[[ RECORDS SUPPLIED, beginning ]]

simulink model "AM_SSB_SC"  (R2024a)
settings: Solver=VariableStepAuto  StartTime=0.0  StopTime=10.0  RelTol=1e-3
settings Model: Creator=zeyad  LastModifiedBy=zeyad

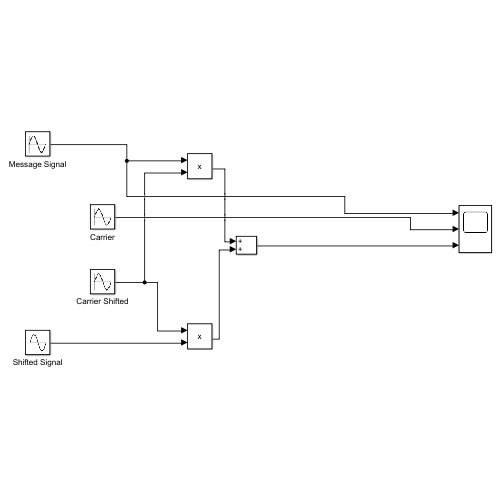
[thumbnail: Simulink's stored preview of the top-level diagram]
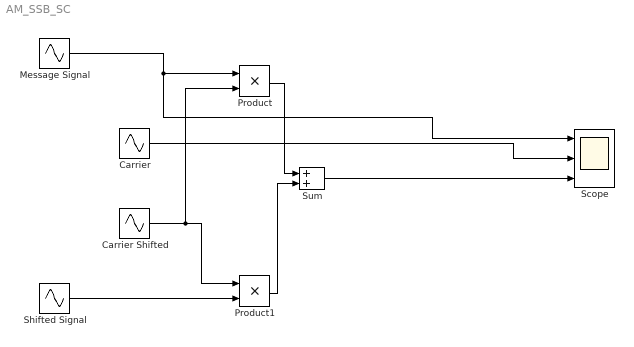
== system AM_SSB_SC ==
  Carrier : Sin  Frequency=100  SampleTime=0
  Carrier Shifted : Sin  Frequency=100  Phase=-(pi/2)  SampleTime=0
  Message Signal : Sin  Frequency=5  SampleTime=0
  Product : Product
  Product1 : Product
  Scope : Scope  NumInputPorts=3
  Shifted Signal : Sin  Frequency=5  Phase=-(pi/2)  SampleTime=0
  Sum : Sum
  wires:
  Product/1 -> Sum/1
  Product1/1 -> Sum/2
  Message Signal/1 -> Scope/1, Product/1
  Shifted Signal/1 -> Product1/2
  Carrier Shifted/1 -> Product/2, Product1/1
  Sum/1 -> Scope/3
  Carrier/1 -> Scope/2
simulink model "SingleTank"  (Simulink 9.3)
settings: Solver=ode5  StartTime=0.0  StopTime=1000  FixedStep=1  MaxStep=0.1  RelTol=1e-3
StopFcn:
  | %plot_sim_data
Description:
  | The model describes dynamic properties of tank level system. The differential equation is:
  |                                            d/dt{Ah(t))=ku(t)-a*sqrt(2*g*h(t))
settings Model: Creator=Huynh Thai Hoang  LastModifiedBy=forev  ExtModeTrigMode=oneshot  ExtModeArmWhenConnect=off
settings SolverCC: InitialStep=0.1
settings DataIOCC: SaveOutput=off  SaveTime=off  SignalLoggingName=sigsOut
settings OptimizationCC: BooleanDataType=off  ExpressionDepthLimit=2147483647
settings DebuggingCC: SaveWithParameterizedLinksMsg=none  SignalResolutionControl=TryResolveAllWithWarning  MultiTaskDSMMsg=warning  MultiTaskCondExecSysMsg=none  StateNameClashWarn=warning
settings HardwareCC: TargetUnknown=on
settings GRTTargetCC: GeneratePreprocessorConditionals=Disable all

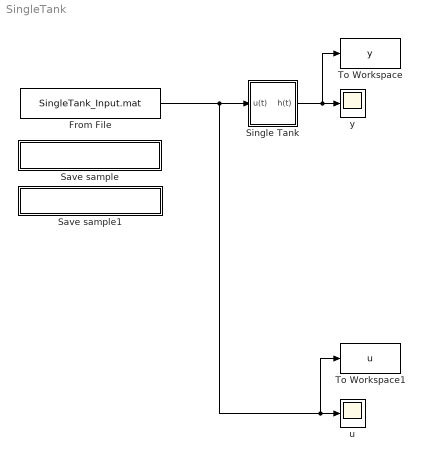
== system SingleTank ==
  From File : FromFile  FileName=SingleTank_Input.mat  SampleTime=0
  Save sample : Subsystem
      settings: OpenFcn=save_sample
      mask Display: disp('Save sampled data')
  Save sample1 : Subsystem
      settings: OpenFcn=signal_gen
      mask Display: disp('Generate Random Input')
  Single Tank : Subsystem  mask{A_min=100, A_max=200, a_out=1, h_max=100, k=60, U_max=12, C=0.8}
      mask prompts: A_min "Minimum cross area (cm2)"; A_max "Maximum cross area (cm2)"; a_out "Outlet area (cm2)"; h_max "Tank height (cm)"; k "Maximum pump flow (cm3/sec)"; U_max "Maximum control voltage (V)"; C "Discharge constant"
      mask init:
      | g=981;
      mask Display:
      | plot([0.1 0.3 0.9],[0.9 0.1 0.1]);
      | plot([0.9 0.7 0.9],[0.9 0.2 0.2]);
  To Workspace : ToWorkspace  VariableName=y  SampleTime=-1
  To Workspace1 : ToWorkspace  VariableName=u  SampleTime=-1
  u : Scope
  y : Scope
  wires:
  Single Tank/1(h(t)) -> To Workspace/1, y/1
  From File/1 -> Single Tank/1(u(t)), To Workspace1/1, u/1

== system SingleTank/Save sample ==

== system SingleTank/Save sample1 ==

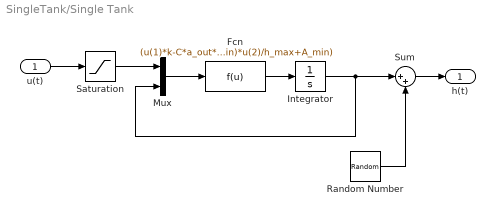
== system SingleTank/Single Tank ==
  u(t) : Inport
  Fcn : Fcn  Expr=(u(1)*k-C*a_out*sqrt(2*g*u(2)))/((A_max-A_min)*u(2)/h_max+A_min)
  Integrator : Integrator  LimitOutput=on  UpperSaturationLimit=h_max  LowerSaturationLimit=0
  Mux : Mux  Inputs=2
  Random Number : RandomNumber  Variance=0.1  SampleTime=0
  Saturation : Saturate  UpperLimit=12  LowerLimit=0
  Sum : Sum  Inputs=|++  SaturateOnIntegerOverflow=on
  h(t) : Outport
  wires:
  u(t)/1 -> Saturation/1
  Mux/1 -> Fcn/1
  Fcn/1 -> Integrator/1
  Integrator/1 -> Mux/2, Sum/1
  Saturation/1 -> Mux/1
  Sum/1 -> h(t)/1
  Random Number/1 -> Sum/2

[[ RECORDS SUPPLIED, end ]]

Using the material above, state how many lines carry the word "Display", giving the number alone.

ANSWER FOR THIS EXERCISE >> 3